# Auger Pulley Movement



## Oskarol

Hey guys, recently purchased a 24" craftsman 205cc briggs 2 stage blower (model is c950-52946-0).

My auger belt keeps slipping off the auger pulley. This happens even when I am not actually blowing snow. When I pulled the pulley cover and watch the pulley and belt with the auger engaged, the auger pulley actually moves back and forth on the shaft as it spins and even contacts a metal spring nearby (causing sparks to fly). There are two set screws on the pulley which secure it to the shaft, they are tight. Anything else I can check?

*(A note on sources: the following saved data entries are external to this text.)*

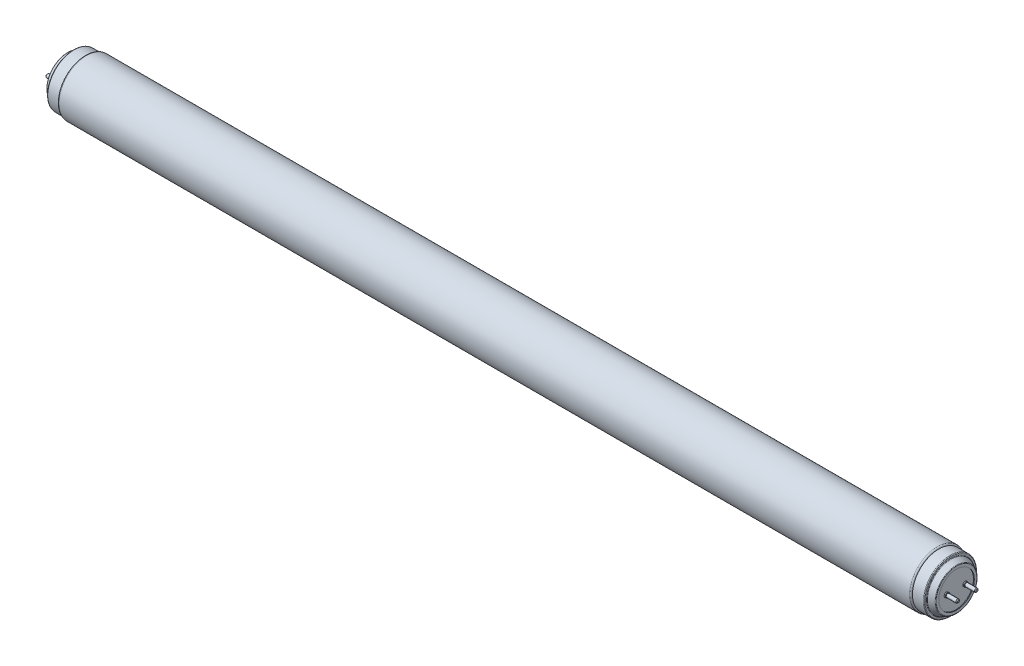
ISO-10303-21;
HEADER;
FILE_DESCRIPTION(('STEP AP214'),'2;1');
FILE_NAME('part.step','',(''),(''),'','','');
FILE_SCHEMA(('AUTOMOTIVE_DESIGN { 1 0 10303 214 1 1 1 1 }'));
ENDSEC;
DATA;
#1=APPLICATION_CONTEXT('core data for automotive mechanical design processes');
#2=APPLICATION_PROTOCOL_DEFINITION('international standard','automotive_design',2000,#1);
#3=PRODUCT_CONTEXT('',#1,'mechanical');
#4=PRODUCT('Part','Part','',(#3));
#5=PRODUCT_RELATED_PRODUCT_CATEGORY('part','',(#4));
#6=PRODUCT_DEFINITION_FORMATION('','',#4);
#7=PRODUCT_DEFINITION_CONTEXT('part definition',#1,'design');
#8=PRODUCT_DEFINITION('design','',#6,#7);
#9=PRODUCT_DEFINITION_SHAPE('','',#8);
#10=(LENGTH_UNIT() NAMED_UNIT(*) SI_UNIT(.MILLI.,.METRE.));
#11=(NAMED_UNIT(*) PLANE_ANGLE_UNIT() SI_UNIT($,.RADIAN.));
#12=(NAMED_UNIT(*) SI_UNIT($,.STERADIAN.) SOLID_ANGLE_UNIT());
#13=UNCERTAINTY_MEASURE_WITH_UNIT(LENGTH_MEASURE(1.E-05),#10,'distance_accuracy_value','');
#14=(GEOMETRIC_REPRESENTATION_CONTEXT(3) GLOBAL_UNCERTAINTY_ASSIGNED_CONTEXT((#13)) GLOBAL_UNIT_ASSIGNED_CONTEXT((#10,
#11,#12)) REPRESENTATION_CONTEXT('',''));
#15=CARTESIAN_POINT('',(0.,0.,0.));
#16=DIRECTION('',(0.,0.,1.));
#17=DIRECTION('',(1.,0.,0.));
#18=AXIS2_PLACEMENT_3D('',#15,#16,#17);
#19=CARTESIAN_POINT('',(587.5,-12.,0.));
#20=DIRECTION('',(-1.,0.,0.));
#21=DIRECTION('',(0.,0.,1.));
#22=AXIS2_PLACEMENT_3D('',#19,#20,#21);
#23=PLANE('',#22);
#24=CARTESIAN_POINT('',(587.5,0.,-6.3));
#25=DIRECTION('',(-1.,0.,0.));
#26=DIRECTION('',(0.,0.,1.));
#27=AXIS2_PLACEMENT_3D('',#24,#25,#26);
#28=CIRCLE('',#27,1.5);
#29=CARTESIAN_POINT('',(587.5,0.,-4.8));
#30=VERTEX_POINT('',#29);
#31=EDGE_CURVE('E77',#30,#30,#28,.F.);
#32=ORIENTED_EDGE('',*,*,#31,.F.);
#33=EDGE_LOOP('',(#32));
#34=FACE_BOUND('',#33,.T.);
#35=CARTESIAN_POINT('',(587.5,0.,0.));
#36=DIRECTION('',(1.,0.,0.));
#37=DIRECTION('',(0.,0.,-1.));
#38=AXIS2_PLACEMENT_3D('',#35,#36,#37);
#39=CIRCLE('',#38,12.);
#40=CARTESIAN_POINT('',(587.5,0.,-12.));
#41=VERTEX_POINT('',#40);
#42=EDGE_CURVE('E99',#41,#41,#39,.T.);
#43=ORIENTED_EDGE('',*,*,#42,.T.);
#44=EDGE_LOOP('',(#43));
#45=FACE_BOUND('',#44,.T.);
#46=CARTESIAN_POINT('',(587.5,0.,6.3));
#47=DIRECTION('',(-1.,0.,0.));
#48=DIRECTION('',(0.,0.,1.));
#49=AXIS2_PLACEMENT_3D('',#46,#47,#48);
#50=CIRCLE('',#49,1.5);
#51=CARTESIAN_POINT('',(587.5,0.,7.8));
#52=VERTEX_POINT('',#51);
#53=EDGE_CURVE('E74',#52,#52,#50,.F.);
#54=ORIENTED_EDGE('',*,*,#53,.F.);
#55=EDGE_LOOP('',(#54));
#56=FACE_BOUND('',#55,.T.);
#57=ADVANCED_FACE('F30',(#34,#45,#56),#23,.F.);
#58=CARTESIAN_POINT('',(-11.5,-12.,0.));
#59=DIRECTION('',(1.,0.,0.));
#60=DIRECTION('',(0.,0.,-1.));
#61=AXIS2_PLACEMENT_3D('',#58,#59,#60);
#62=PLANE('',#61);
#63=CARTESIAN_POINT('',(-11.5,0.,-6.3));
#64=DIRECTION('',(1.,0.,0.));
#65=DIRECTION('',(0.,0.,-1.));
#66=AXIS2_PLACEMENT_3D('',#63,#64,#65);
#67=CIRCLE('',#66,1.5);
#68=CARTESIAN_POINT('',(-11.5,0.,-7.8));
#69=VERTEX_POINT('',#68);
#70=EDGE_CURVE('E90',#69,#69,#67,.F.);
#71=ORIENTED_EDGE('',*,*,#70,.F.);
#72=EDGE_LOOP('',(#71));
#73=FACE_BOUND('',#72,.T.);
#74=CARTESIAN_POINT('',(-11.5,0.,0.));
#75=DIRECTION('',(1.,0.,0.));
#76=DIRECTION('',(0.,0.,-1.));
#77=AXIS2_PLACEMENT_3D('',#74,#75,#76);
#78=CIRCLE('',#77,12.);
#79=CARTESIAN_POINT('',(-11.5,0.,-12.));
#80=VERTEX_POINT('',#79);
#81=EDGE_CURVE('E96',#80,#80,#78,.T.);
#82=ORIENTED_EDGE('',*,*,#81,.F.);
#83=EDGE_LOOP('',(#82));
#84=FACE_BOUND('',#83,.T.);
#85=CARTESIAN_POINT('',(-11.5,0.,6.3));
#86=DIRECTION('',(1.,0.,0.));
#87=DIRECTION('',(0.,0.,-1.));
#88=AXIS2_PLACEMENT_3D('',#85,#86,#87);
#89=CIRCLE('',#88,1.5);
#90=CARTESIAN_POINT('',(-11.5,0.,4.8));
#91=VERTEX_POINT('',#90);
#92=EDGE_CURVE('E84',#91,#91,#89,.F.);
#93=ORIENTED_EDGE('',*,*,#92,.F.);
#94=EDGE_LOOP('',(#93));
#95=FACE_BOUND('',#94,.T.);
#96=ADVANCED_FACE('F273',(#73,#84,#95),#62,.F.);
#97=CARTESIAN_POINT('',(-11.5,0.,0.));
#98=DIRECTION('',(1.,0.,0.));
#99=DIRECTION('',(0.,0.,-1.));
#100=AXIS2_PLACEMENT_3D('',#97,#98,#99);
#101=CYLINDRICAL_SURFACE('',#100,12.);
#102=CARTESIAN_POINT('',(-12.,0.,0.));
#103=DIRECTION('',(1.,0.,0.));
#104=DIRECTION('',(0.,0.,-1.));
#105=AXIS2_PLACEMENT_3D('',#102,#103,#104);
#106=CIRCLE('',#105,12.);
#107=CARTESIAN_POINT('',(-12.,0.,-12.));
#108=VERTEX_POINT('',#107);
#109=EDGE_CURVE('E102',#108,#108,#106,.T.);
#110=ORIENTED_EDGE('',*,*,#109,.F.);
#111=EDGE_LOOP('',(#110));
#112=FACE_BOUND('',#111,.T.);
#113=ORIENTED_EDGE('',*,*,#81,.T.);
#114=EDGE_LOOP('',(#113));
#115=FACE_BOUND('',#114,.T.);
#116=ADVANCED_FACE('F267',(#112,#115),#101,.F.);
#117=CARTESIAN_POINT('',(-12.,-13.6909830056251,0.));
#118=DIRECTION('',(1.,0.,0.));
#119=DIRECTION('',(0.,0.,-1.));
#120=AXIS2_PLACEMENT_3D('',#117,#118,#119);
#121=PLANE('',#120);
#122=CARTESIAN_POINT('',(-12.,0.,0.));
#123=DIRECTION('',(1.,0.,0.));
#124=DIRECTION('',(0.,0.,-1.));
#125=AXIS2_PLACEMENT_3D('',#122,#123,#124);
#126=CIRCLE('',#125,13.6909830056251);
#127=CARTESIAN_POINT('',(-12.,0.,-13.6909830056251));
#128=VERTEX_POINT('',#127);
#129=EDGE_CURVE('E105',#128,#128,#126,.T.);
#130=ORIENTED_EDGE('',*,*,#129,.F.);
#131=EDGE_LOOP('',(#130));
#132=FACE_BOUND('',#131,.T.);
#133=ORIENTED_EDGE('',*,*,#109,.T.);
#134=EDGE_LOOP('',(#133));
#135=FACE_BOUND('',#134,.T.);
#136=ADVANCED_FACE('F261',(#132,#135),#121,.F.);
#137=CARTESIAN_POINT('',(-11.5,0.,0.));
#138=DIRECTION('',(1.,0.,0.));
#139=DIRECTION('',(0.,0.,-1.));
#140=AXIS2_PLACEMENT_3D('',#137,#138,#139);
#141=TOROIDAL_SURFACE('',#140,13.6909830056251,0.5);
#142=CARTESIAN_POINT('',(-11.72360679775,0.,0.));
#143=DIRECTION('',(1.,0.,0.));
#144=DIRECTION('',(0.,0.,-1.));
#145=AXIS2_PLACEMENT_3D('',#142,#143,#144);
#146=CIRCLE('',#145,14.138196601125);
#147=CARTESIAN_POINT('',(-11.72360679775,0.,-14.138196601125));
#148=VERTEX_POINT('',#147);
#149=EDGE_CURVE('E108',#148,#148,#146,.T.);
#150=ORIENTED_EDGE('',*,*,#149,.F.);
#151=EDGE_LOOP('',(#150));
#152=FACE_BOUND('',#151,.T.);
#153=ORIENTED_EDGE('',*,*,#129,.T.);
#154=EDGE_LOOP('',(#153));
#155=FACE_BOUND('',#154,.T.);
#156=ADVANCED_FACE('F255',(#152,#155),#141,.T.);
#157=CARTESIAN_POINT('',(-11.72360679775,0.,0.));
#158=DIRECTION('',(1.,0.,0.));
#159=DIRECTION('',(0.,0.,-1.));
#160=AXIS2_PLACEMENT_3D('',#157,#158,#159);
#161=CONICAL_SURFACE('',#160,14.138196601125,0.463647609000806);
#162=CARTESIAN_POINT('',(-8.27639320225002,0.,0.));
#163=DIRECTION('',(1.,0.,0.));
#164=DIRECTION('',(0.,0.,-1.));
#165=AXIS2_PLACEMENT_3D('',#162,#163,#164);
#166=CIRCLE('',#165,15.861803398875);
#167=CARTESIAN_POINT('',(-8.27639320225002,0.,-15.861803398875));
#168=VERTEX_POINT('',#167);
#169=EDGE_CURVE('E111',#168,#168,#166,.T.);
#170=ORIENTED_EDGE('',*,*,#169,.F.);
#171=EDGE_LOOP('',(#170));
#172=FACE_BOUND('',#171,.T.);
#173=ORIENTED_EDGE('',*,*,#149,.T.);
#174=EDGE_LOOP('',(#173));
#175=FACE_BOUND('',#174,.T.);
#176=ADVANCED_FACE('F249',(#172,#175),#161,.T.);
#177=CARTESIAN_POINT('',(-8.5,0.,0.));
#178=DIRECTION('',(1.,0.,0.));
#179=DIRECTION('',(0.,0.,-1.));
#180=AXIS2_PLACEMENT_3D('',#177,#178,#179);
#181=TOROIDAL_SURFACE('',#180,16.309016994375,0.500000000000001);
#182=CARTESIAN_POINT('',(-8.,0.,0.));
#183=DIRECTION('',(1.,0.,0.));
#184=DIRECTION('',(0.,0.,-1.));
#185=AXIS2_PLACEMENT_3D('',#182,#183,#184);
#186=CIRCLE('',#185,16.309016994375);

Any help would be appreciated.


----------



## 43128

your impeller bushing/bearing is bad. pull off the bucket, remove the pulley(thats the fun part where you get to get the pb blaster and rip out the torch, and fight with it for hours), and replace the bearing. the hardest part will probably be removing the pulley, but the rest is pretty simple. use anti seize when your ready to reassemble


----------



## Oskarol

Thanks for the quick reply! Would that be item 491 on the attached diagram?


----------



## 43128

yup, thats the part you need


----------



## Oskarol

So I got out to the machine today to have a look. When I grab the shaft at the impeller end, it feels solid with pretty much no play. Is there any other way to check that it is the impeller bearing without pulling apart the machine? It really looks to me like the pulley itself is going back and forth along the shaft (towards the auger then towards the engine about a 1/2 inch of movement at a set frequency)... But that isn't possible if the set screws are tight? And I guess the entire shaft could be moving back and forth?

Thanks again.


----------



## Zavie

Perhaps the set screws are frozen in position and not tight at all on the shaft.


----------



## ELaw

As Zavie said, I'd check the setscrews further.

If the entire shaft is moving, the impeller would move with it - that should be pretty easy to check.


----------



## Kiss4aFrog

Video would be great but photos with it pushed forward and then backward would give us an idea of what you're seeing and a better grip on how to advise.


----------



## Oskarol

I just went out to have a look and it is definitely the shaft moving in and out and not the pulley sliding around. The entire assembly can be seen at the gearbox moving in and out about 1 inch of travel, translating all the way back to the pulley. I can get a video in daylight tomorrow. Problem with bushing in gearbox or impeller?


----------



## Oskarol

Here is a link to a video of what I have been describing. Thanks for letting me know what you guys think.


----------



## cpchriste

Your auger shaft is bent


----------



## Kiss4aFrog

That hurts just looking at it. It's very likely something became wedged behind the auger, between the auger and the housing and bent one or both of the shafts outward. Whatever was done to remove it may have made it worse.

What's happening is the front augers and gearbox are rotating the way a skip rope does. The two ends are fixed in bushings but the assembly has a bow in it so it's going forward, down, backward, up and forward again as it's rotating because the assembly isn't straight.

You'll need to take it all apart and check the augers and auger shafts to see what's bent to cure your problem. I'd also inspect the two side bushings the assembly spins on to see if that wobble has caused any unusual wear on them.


----------



## Oskarol

Okay, makes sense!

So basic procedure... As I am new to snowblowers...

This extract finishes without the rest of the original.